Додерер, хотя об этом не просто догадаться читателю его художественных произведений, в становлении и развитии романа придавал решающее значение форме. Убежденный консерватор, поставивший себе целью хранить духовно-исторические ценности исчезнувшей Австро-Венгрии в незыблемом виде (и похожий в этом отношении на героя «Незримой коллекции» Ст. Цвейга – слепца, не ведающего о том, что все его бесценные гравюры похищены и подменены чистыми листами бумаги), он в области романной формы проявил себя дерзким и отчаянным новатором. Уникальна и стилистика Додерера: если отвлечься от ряда произведений и фрагментов, где он прибегает к намеренной архаизации, налицо осознанный и возведенный в принцип стилистический дальтонизм, нарочитое пренебрежение стилями в их разграничительной функции, одновременное обращение ко всем ресурсам родного языка поверх нормативных барьеров. В русской прозе ничего подобного нет и не было – и тем сложнее задача, встающая перед переводчиками Додерера.
О переводе (особенно о переводе прозы) у нас, увы, пишут обычно лишь в двух случаях: когда он замечательно хорош или когда он скандально плох. Чтобы не нарушать этой традиции, в данном случае следовало бы промолчать, отметив разве что мастерскую стилизацию «Окольного пути» (перевод С. Шлапоберской) и «Последнего приключения» (перевод А. Карельского), но ведь такая стилизация (архаизация) – локальный, хотя и важный аспект перевода прозы, и прозы Додерера в частности. В остальном перед нами добротные, со старанием и уважением к оригиналу выполненные переводы, но в «Деле Додерера» (если перефразировать название одного эссе австрийского писателя) этого мало. Открытие собственно додереровского стиля отложено на более поздние времена. Додереру – если иметь в виду последующие публикации, а о желательности таковых я уже говорил – необходим свой переводчик, человек с одинаково высоким художественным даром и уровнем филологической подготовки, человек, беззаветно любящий писателя и готовый отдать работе над ним долгие годы. Додереру необходим такой переводчик, каким стал С. Апт для Томаса Манна.

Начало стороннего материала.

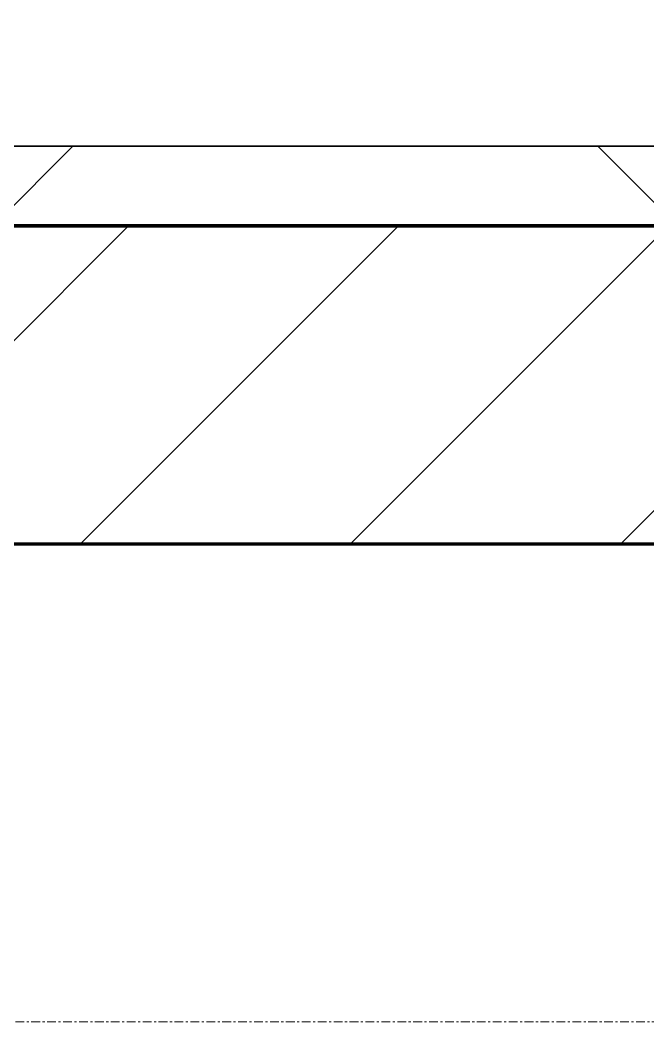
# Model space of a CAD drawing. Header units: millimetres. Extents: x -794334 to -714814, y -17806 to 22403.
# Drawn here: x -774692 to -774297, y -4321 to -3692 of the extents above; entities that cross this region are included whole.
import ezdxf
from ezdxf.xclip import XClip

# ---------------------------------------------------------------- set-up
doc = ezdxf.new("R2010")
doc.units = ezdxf.units.MM
doc.header["$XCLIPFRAME"] = 0
doc.linetypes.add('DPA_Grid _ Level 100', pattern=[10, 5.5, -1.6, 1.3, -1.6])
for name, color, linetype, lineweight in [('A-GLAZ-CURT', 2, 'Continuous', 9), ('A-WALL', 5, 'Continuous', 35), ('A-WALL-FNSH', 2, 'Continuous', 35), ('A-WALL-PATT', 1, 'Continuous', 35), ('S-GRID', 251, 'Continuous', 9), ('WALL-E', 2, 'Continuous', 35)]:
    doc.layers.add(name, color=color, linetype=linetype, lineweight=lineweight)
doc.layers.add('A11_ALU.SOLID SHEET', color=2, linetype='Continuous')

# ---------------------------------------------------------------- blocks, each defined once
blk = doc.blocks.new('*U804')
at = {"layer": 'S-GRID', "linetype": 'DPA_Grid _ Level 100'}
blk.add_line((57942.91, -7900), (-14128.88, -7900), dxfattribs=at)
blk = doc.blocks.new('PPLS-PP19_Custom Tile Pattern - Custom Tile Pattern-V124-4252-01 ENLARGED CONCOURSE LEVEL - REFLECTED CEILING PLAN - SHEET 3')
at = {"layer": 'A-GLAZ-CURT'}
for p, q in [((-300, 0), (300, 0)), ((300, 0), (-300, 0)), ((195.99, 0), (213.31, 0)), ((213.31, 0), (195.99, 0)), ((230.06, 0), (300, 0)), ((-300, -50), (300, -50)), ((300, -50), (-300, -50))]:
    blk.add_line(p, q, dxfattribs=at)
for points, knots in [([(-126.5, 0), (-122.44, 0), (-108.71, 0), (-86.68, 0), (-63.44, 0), (-54.4, 0), (-48.53, 0), (-30.79, 0), (-18.03, 0), (8.61, 0), (15.02, 0), (22.91, 0), (31, 0), (39.04, 0), (51.19, 0), (58.74, 0), (61.34, 0), (61.45, 0)], [-5231.017328, -5231.017328, -5231.017328, -5231.017328, -4994.692869, -4542.524482, -4008.285538, -3689.699207, -3546.54457, -3315.260113, -2864.387349, -2439.246196, -2084.094819, -1956.422387, -1818.904206, -1645.594513, -1443.202566, -1228.752106, -1120.932285, -1120.932285, -1120.932285, -1120.932285]), ([(9.32, 0), (9.08, 0), (7.65, 0), (2.57, 0), (-12.23, 0), (-25.64, 0), (-40, 0), (-56.24, 0), (-75.59, 0), (-94, 0), (-112.01, 0), (-114.94, 0), (-115.63, 0)], [-2922.926651, -2922.926651, -2922.926651, -2922.926651, -2882.788014, -2720.818881, -2518.50168, -2125.455881, -1792.521578, -1466.981642, -1208.454564, -789.402658, -501.969187, -243.577221, -243.577221, -243.577221, -243.577221]), ([(11.48, 0), (3.9, 0), (-18.27, 0), (-47.42, 0), (-65.77, 0), (-66.37, 0), (-66.38, 0)], [-4147.333741, -4147.333741, -4147.333741, -4147.333741, -3745.412743, -2981.410125, -2542.574734, -2498.224237, -2498.224237, -2498.224237, -2498.224237]), ([(-55.76, 0), (-49.67, 0), (-34.38, 0), (-12.78, 0), (4.23, 0), (9.64, 0), (10.14, 0), (10.18, 0)], [-4384.389977, -4384.389977, -4384.389977, -4384.389977, -4065.652676, -3589.737505, -3285.047089, -3066.359526, -3044.715262, -3044.715262, -3044.715262, -3044.715262]), ([(76.63, 0), (74.8, 0), (67.65, 0), (53.52, 0), (37, 0), (24.07, 0), (12.82, 0), (-2.9, 0), (-20.62, 0), (-32.81, 0), (-44.85, 0), (-51.43, 0), (-51.79, 0)], [-3095.572228, -3095.572228, -3095.572228, -3095.572228, -2950.589685, -2634.532728, -2313.748533, -2106.613311, -1925.670641, -1617.263037, -1290.787923, -1039.307308, -819.71621, -644.910881, -644.910881, -644.910881, -644.910881]), ([(-36.78, 0), (-32.43, 0), (-19.22, 0), (8.83, 0), (43.36, 0), (68.5, 0), (77.95, 0), (79.34, 0)], [-6191.144455, -6191.144455, -6191.144455, -6191.144455, -5862.463379, -5340.621928, -4573.028122, -4094.177415, -3998.447461, -3998.447461, -3998.447461, -3998.447461]), ([(30.82, 0), (29.27, 0), (20.14, 0), (3.54, 0), (-16.58, 0), (-34.76, 0), (-36.04, 0)], [-10462.034656, -10462.034656, -10462.034656, -10462.034656, -10363.088938, -9884.23066, -9424.652049, -9182.880979, -9182.880979, -9182.880979, -9182.880979]), ([(70.61, 0), (66.16, 0), (55.8, 0), (39.61, 0), (24.74, 0), (2.64, 0), (-17.84, 0), (-30.57, 0), (-31.82, 0), (-32, 0)], [-4647.237329, -4647.237329, -4647.237329, -4647.237329, -4326.416877, -4098.545751, -3766.694881, -3333.063701, -2994.501669, -2698.150104, -2614.070998, -2614.070998, -2614.070998, -2614.070998]), ([(-30.52, 0), (-27.11, 0), (-17.83, 0), (-1.49, 0), (8.77, 0), (11.49, 0)], [-2323.618664, -2323.618664, -2323.618664, -2323.618664, -2142.497158, -1716.209403, -1557.280131, -1557.280131, -1557.280131, -1557.280131]), ([(8.33, 0), (8.19, 0), (7.18, 0), (0.32, 0), (-13.89, 0), (-24.92, 0), (-29.03, 0)], [-3574.286521, -3574.286521, -3574.286521, -3574.286521, -3526.962355, -3285.499107, -2903.012179, -2680.714891, -2680.714891, -2680.714891, -2680.714891]), ([(-28.57, 0), (-26.93, 0), (-20.29, 0), (-11.45, 0), (2.08, 0), (13.15, 0), (21.24, 0), (24.62, 0), (24.72, 0), (24.72, 0)], [-5361.429781, -5361.429781, -5361.429781, -5361.429781, -5261.36855, -5050.479954, -4785.90057, -4596.498881, -4445.288762, -4384.376941, -4376.041937, -4376.041937, -4376.041937, -4376.041937]), ([(-22.56, 0), (-20.27, 0), (-17.03, 0), (-11.36, 0), (-7.66, 0), (-6.6, 0), (-6.44, 0)], [-56468.192263, -56468.192263, -56468.192263, -56468.192263, -56344.022017, -56303.229861, -56166.290093, -56124.392176, -56124.392176, -56124.392176, -56124.392176]), ([(-15.19, 0), (-13.07, 0), (7.48, 0), (42.82, 0), (88.72, 0), (120.63, 0), (138.28, 0), (138.53, 0)], [-461.142613, -461.142613, -461.142613, -461.142613, -429.606584, -390.253598, -346.313304, -291.370682, -290.5735, -290.5735, -290.5735, -290.5735]), ([(-6.54, 0), (-6.73, 0), (-7.2, 0), (-7.6, 0), (-7.79, 0)], [-56009.792147, -56009.792147, -56009.792147, -56009.792147, -55949.290093, -55895.192118, -55895.192118, -55895.192118, -55895.192118]), ([(-2.63, 0), (-2.47, 0), (-1.22, 0), (4.92, 0), (15.97, 0), (22.54, 0), (24.49, 0)], [-226.825321, -226.825321, -226.825321, -226.825321, -220.269177, -206.416616, -198.214427, -187.717507, -187.717507, -187.717507, -187.717507]), ([(11.17, 0), (6.47, 0), (1.96, 0), (-1.67, 0), (-2.25, 0)], [-273.754698, -273.754698, -273.754698, -273.754698, -246.234814, -234.646884, -234.646884, -234.646884, -234.646884]), ([(79.36, 0), (72.25, 0), (57.49, 0), (35.84, 0), (19.97, 0), (13.45, 0), (11.45, 0)], [-351.441218, -351.441218, -351.441218, -351.441218, -330.153101, -307.516438, -285.83788, -274.30528, -274.30528, -274.30528, -274.30528]), ([(24.69, 0), (24.54, 0), (20.99, 0), (16.52, 0), (12.78, 0), (11.45, 0)], [-4368.572414, -4368.572414, -4368.572414, -4368.572414, -4306.476363, -4080.000647, -3884.858249, -3884.858249, -3884.858249, -3884.858249]), ([(11.91, 0), (17.75, 0), (25.21, 0), (37.44, 0), (45.92, 0), (57.76, 0), (64.47, 0), (72.74, 0), (75.22, 0), (76.03, 0), (76.21, 0)], [-1549.07911, -1549.07911, -1549.07911, -1549.07911, -1206.526904, -1089.329421, -901.315459, -753.071572, -495.328968, -421.953223, -334.951786, -290.452333, -290.452333, -290.452333, -290.452333]), ([(31.18, 0), (25.97, 0), (19.77, 0), (13.51, 0), (12.41, 0)], [-4496.803627, -4496.803627, -4496.803627, -4496.803627, -4222.080604, -4163.707062, -4163.707062, -4163.707062, -4163.707062]), ([(18.16, 0), (19.15, 0), (24.25, 0), (25.66, 0), (26.12, 0)], [-5700.113719, -5700.113719, -5700.113719, -5700.113719, -5554.232259, -5302.431367, -5302.431367, -5302.431367, -5302.431367]), ([(78.52, 0), (76.95, 0), (72.29, 0), (62.26, 0), (51.85, 0), (43.81, 0), (29.53, 0), (20.67, 0), (18.85, 0), (18.16, 0)], [-7033.519254, -7033.519254, -7033.519254, -7033.519254, -6924.452779, -6738.82075, -6548.303034, -6314.283804, -6135.05769, -5972.647715, -5832.674503, -5832.674503, -5832.674503, -5832.674503]), ([(27.44, 0), (27.9, 0), (29.54, 0), (38.07, 0), (53.39, 0), (70.02, 0), (77.08, 0), (78.48, 0)], [-5037.309798, -5037.309798, -5037.309798, -5037.309798, -4887.603822, -4705.298446, -4353.683244, -3960.84581, -3844.262741, -3844.262741, -3844.262741, -3844.262741]), ([(27.89, 0), (29.09, 0), (33.4, 0), (48.37, 0), (71.92, 0), (100.57, 0), (116.36, 0), (128.63, 0), (128.95, 0)], [-147.777612, -147.777612, -147.777612, -147.777612, -135.792042, -118.513713, -97.899267, -63.759246, -39.050993, -35.895543, -35.895543, -35.895543, -35.895543]), ([(53.18, 0), (53.06, 0), (52.22, 0), (44.99, 0), (36.46, 0), (30.82, 0)], [-622.740158, -622.740158, -622.740158, -622.740158, -566.066452, -360.610861, 0, 0, 0, 0]), ([(136.44, 0), (121.66, 0), (86.93, 0), (51.16, 0), (31.18, 0)], [-106.750556, -106.750556, -106.750556, -106.750556, -59.610984, 0, 0, 0, 0]), ([(168.37, 0), (167.68, 0), (162.47, 0), (147.02, 0), (109.77, 0), (76.86, 0), (57.82, 0), (46.51, 0), (41.18, 0), (36.02, 0), (35.54, 0), (35.54, 0)], [-543.375029, -543.375029, -543.375029, -543.375029, -530.793311, -458.593899, -401.860199, -357.622665, -341.267687, -334.000314, -326.15566, -319.318397, -317.489778, -317.489778, -317.489778, -317.489778]), ([(36.29, 0), (37.77, 0), (48.82, 0), (61.42, 0), (73, 0), (79.36, 0)], [-314.598523, -314.598523, -314.598523, -314.598523, -305.899624, -287.17622, -263.250664, -263.250664, -263.250664, -263.250664]), ([(61.47, 0), (61.47, 0), (61.21, 0), (54.61, 0), (53.71, 0), (53.56, 0)], [-1113.311073, -1113.311073, -1113.311073, -1113.311073, -1096.402191, -891.204116, -747.28819, -747.28819, -747.28819, -747.28819]), ([(76.22, 0), (75.58, 0), (73.64, 0), (71.05, 0), (70.61, 0)], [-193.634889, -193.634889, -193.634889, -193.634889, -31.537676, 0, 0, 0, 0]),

С выходом первой книги Додерера по-русски ликвидирована серьезная лакуна в нашем понимании всемирного литературного процесса, прежде всего в жанре романа. Сложная, противоречивая позиция человека и писателя Додерера привлекает читателя своим гуманизмом, если угодно, прикладным гуманизмом – желанием не только проповедовать добро, но и творить его. Не так уж много в XX веке писателей, исходящих из приятия мира и умеющих при этом писать о неприятном – и нелицеприятно. И здесь снова вспоминается Фолкнер, веривший в то, что человечество выстоит в любом случае. И даже в таком, добавил бы Додерер, когда «перед лицом всего этого длинный меч превратится в крохотное шило, годное разве лишь на то, чтобы судорожно стиснуть его в кулаке».
Тревожное кружево[14]
(
Тема минувшей войны, тема сведения счетов с нацизмом неизменно остается ведущей во фламандской, т. е. бельгийской литературе, созданной на нидерландском языке, и в родственной ей нидерландской литературе. Ситуация в современном мире, чреватая угрозой ядерной катастрофы, и статус заложников, в котором могут оказаться маленькие государства на берегу Северного моря, обманчивая надежность плодоносных польдерных почв, защищенных дамбами от разрушительного воздействия приливов и наводнений, кликушество неонацистов в соседней ФРГ и фактическая безнаказанность многих собственных коллаборационистов (особенно из среды крупного бельгийского капитала) – все это волнует умы и, естественно, находит отражение и в литературе. Возможно, именно поэтому поколение нынешних шестидесятилетних, переживших войну и оккупацию молодыми людьми, удерживает главные позиции в литературной борьбе, что не совсем типично для Запада в целом, где новые веяния или попросту мода то и дело выносят на гребень волны молодых писателей, отодвигая маститых на достаточно респектабельный, но все же граничащий порой и с забвением задний план. Из этого поколения советскому читателю до сих пор были известны лишь Пит ван Акен (автор антифашистского романа «Спящие собаки») и Хюго Клаус, причем последний только как поэт (перевод прозы Клауса еще предстоит, и чем скорее это произойдет, тем лучше). Теперь, с интервалом в год, предпринято издание однотомников прозы Хюберта Лампо и Йоса Ванделоо – писателей видных, значительных и (что не менее важно в «технотронную эру») достаточно широко по всей Европе читаемых.